For him and for others the war provided a sense of purpose. It helped to fill a void. A search for ‘reasons of being’ is also central in the work of the sociologist, anthropologist and philosopher Pierre Bourdieu. For him, individuals struggle to emerge from indifference, depression, solitude or insignificance in order to find a ‘feeling of counting for others, being important for them’. The accumulation of meaning provides ‘a kind of continuous justification for existing’.27  Bourdieu stresses that, ‘It is society, and society alone, which dispenses, in varying degrees, the justifications and reasons for existing’, a notion which the anthropologist Ghassan Hage shares: ‘It is society that offers individuals the possibility of making something meaningful of their lives’.28 Hence there are two exceptional things about the foreign volunteers. First of all, their quest for meaning could not be fulfilled, for whatever reason, in their home society, so it was intentionally sought out abroad. Second, this search transpired in a military context. This is perhaps unsurprising if we bear in mind that many of these men shared an attraction to war. Almost all the Dutch volunteers, and many of the British and French, had previous military experience, as did a number of ex-servicemen from the US. The foreigners in Croatia included Gulf War veterans, international guerrillas who had fought alongside insurgents in Southeast Asia and a number of soldiers who deserted the British Army and the French Foreign Legion in order to fight in a ‘real war’ in the Balkans.29 Rob Krott, a former officer in the US Army, disliked civilian life and ‘felt that if I didn’t do something, anything, I was going to lose my mind’.30 Many of those who had no military experience when they first arrived in Croatia had a military tradition in their family or had tried to enlist at home in the past. Some went as far as inventing a false military background to pave their way into the Croatian armed forces.31 To use Ivan Farina’s words, ‘Foreign volunteers have in common mostly the desire to fight and the will to engage in conflict’.32 Peter, a Dutch volunteer who was interviewed by reporter Anthony Loyd in 1993, offered the following apposite remark:

We don’t fight for the money, and we’re not in it for the killing. It’s about camaraderie and, sure, it’s about excitement. Some are bullshitters, some are psychopaths. We are neither. We are here because we want to be, and if there is a price to pay, then we are ready for that too.33

Comradeship and power

In her compelling analysis of the attraction that warfare has been able to exercise on generations of soldiers, Joanna Bourke highlights how comradeship, with its bittersweet absorption of the self within a group, appealed to some fundamental human urge. And then – in contrast – there was the awesome power conferred upon individuals by war.34

Comradeship and power provide two useful frameworks through which the volunteers’ wartime experiences can be evaluated. While a multitude of reasons, which we have grouped together under the heading of a search for meaning, brought the foreign fighters to the Balkans, it was often comradeship and a sense of empowerment that made them stay.
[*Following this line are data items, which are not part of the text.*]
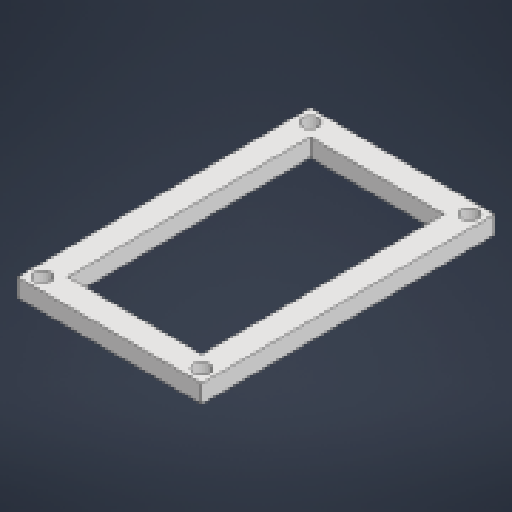
# Autodesk Inventor part: PCB_Housing_06_V4
Saved by Autodesk Inventor 2026.2 (Build 302298000, 298)
## iProperties
Created: 2026-03-17
Part Number: PCB_Housing_06_V4
Material: Generic
Document SubType Name: Modeling
Designer: vckot
Density: 1 g/cm^3
Appearance: Default
Author: vckot
Autodesk Inventor part; units mm, degrees
ref_plane "YZ Plane" through (0, 0, 0) normal (1, 0, 0) x (0, 1, 0)
ref_plane "XZ Plane" through (0, 0, 0) normal (0, 1, 0) x (-1, 0, 0)
ref_plane "XY Plane" through (0, 0, 0) normal (0, 0, 1) x (1, 0, 0)
sketch "Sketch1" plane through (0, 0, 0) normal (0, 1, 0) x (-1, 0, 0)
  line L0 (22, -37) -> (-22, -37) construction
  line L1 (-22, -37) -> (-22, 37) construction
  line L2 (-22, 37) -> (22, 37) construction
  line L3 (22, 37) -> (22, -37) construction
  line L4 (22, -37) -> (-22, 37) construction
  line L5 (-22, -37) -> (22, 37) construction
  line L6 (-19, -34) -> (19, -34)
  line L7 (19, -34) -> (19, 34)
  line L8 (19, 34) -> (-19, 34)
  line L9 (-19, 34) -> (-19, -34)
  line L10 (-25.5, -40.5) -> (25.5, -40.5)
  line L11 (25.5, -40.5) -> (25.5, 40.5)
  line L12 (25.5, 40.5) -> (-25.5, 40.5)
  line L13 (-25.5, 40.5) -> (-25.5, -40.5)
  point P0 (0, 0)
  dimension "d0" = 44
  dimension "d1" = 74
  dimension "d2" = 3
  dimension "d3" = 3.5
  constraints: 28 end point, 6 parallel, 3 coincident, 3 perpendicular, 2 midpoint, 1 horizontal, 6 other
  measures "d0" distance of L1.end L2.end
  measures "d1" distance of L0.end L1.end
  measures "d2" distance between parallel lines of L0 L6
  measures "d3" distance between parallel lines of L0 L10
extrude "Extrusion1" add sketch "Sketch1" against normal blind 5
hole "Hole1" at (22, 0, -37) at (-22, 0, -37) at (-22, 0, 37) at (22, 0, 37) direction (0, -1, 0) diameter 4.5 end through all
sketch "Sketch2" plane through (0, 0, 0) normal (0, 1, 0) x (1, 0, 0)
  line L0 (19, -34) -> (25.5, -34)
  line L1 (25.5, -34) -> (25.5, -40.5)
  line L2 (25.5, -40.5) -> (19, -40.5)
  line L3 (19, -40.5) -> (19, -34)
  line L4 (25.5, -40.5) -> (-25.5, -40.5) projected
  line L5 (-19, -34) -> (-25.5, -34)
  line L6 (-25.5, -34) -> (-25.5, -40.5)
  line L7 (-25.5, -40.5) -> (-19, -40.5)
  line L8 (-19, -40.5) -> (-19, -34)
  line L9 (19, 34) -> (-19, 34) projected
  line L10 (-25.5, 40.5) -> (25.5, 40.5) projected
  line L11 (-19, 34) -> (-25.5, 34)
  line L12 (-25.5, 34) -> (-25.5, 40.5)
  line L13 (-25.5, 40.5) -> (-19, 40.5)
  line L14 (-19, 40.5) -> (-19, 34)
  line L15 (19, 34) -> (25.5, 34)
  line L16 (25.5, 34) -> (25.5, 40.5)
  line L17 (25.5, 40.5) -> (19, 40.5)
  line L18 (19, 40.5) -> (19, 34)
  circle A0 centre (22, -37) radius 2.25 projected
  circle A1 centre (-22, -37) radius 2.25 projected
  circle A2 centre (-22, 37) radius 2.25 projected
  circle A3 centre (22, 37) radius 2.25 projected
  point P0 (0, 0)
  constraints: 32 end point, 8 parallel, 4 horizontal, 4 perpendicular
extrude "Extrusion2" [suppressed]
body "Solid1"

Once they left their homes and set out to Croatia, most volunteers had to follow one of two paths to enlist: report to a military headquarters in Zagreb, or travel to one of the fronts and join a unit there. Those who came to Croatia during the early stages of the conflict found that the Croats were not expecting foreign fighters and did not know exactly what to do with them.35 This reflects the broader lack of organisation that afflicted the Croatian war effort when hostilities began. A Spanish Civil War-style International Brigade, with its own recruitment network and training camp, had no parallel in Croatia.36 Neither was there a state-sponsored organisation such as Machal, which funnelled overseas volunteers for the Israeli armed forces from 1948 onwards. Thus, the first steps were improvised. When Steve Gaunt arrived in Zagreb he found:

Soldiers and militia are everywhere, bristling with weapons. I approached two of these and made clear my intention to join the fight. After looking extremely surprised, they told me that they would collect me from the hotel at 11 o’clock.37

Who the volunteers met upon arrival in Zagreb often dictated which unit they joined, at least initially. Mac Coscair met a Croat man on the train who told him to claim to be of Croatian descent, to avert suspicion, and took him to the HOS headquarters in Zagreb. HOS headquarters was also the first place to which Simon Hutt, a soldier in the British Army who went AWOL (absent without leave) to come to Croatia, was taken by an experienced Dutch volunteer he had met at Zagreb train station. When Hutt’s request to enlist was turned down, he and his Dutch patron travelled to the front and joined a HOS unit there.38

Although HOS was the military wing of the ultra-nationalist Croatian Party of Rights, led by Dobroslav Paraga, it was coincidence rather than familiarity with Croatian politics that brought foreigners there. For instance, until HOS was forcibly amalgamated into the government army in late December 1991, the location of its HQ near Zagreb’s train station made it a logical first stop for many of the incoming volunteers.39 When Paraga was arrested that month for allegedly plotting a military coup against the government, a number of foreign volunteers found themselves ‘tangled in the Tudman¯-HOS feud’ when they defended the HOS HQ against a possible police raid. Mac Coscair and others who were involved insist that their team was entirely apolitical and that their role in the affair was accidental.40 The fact that they went on to serve in the Croatian Army supports this claim.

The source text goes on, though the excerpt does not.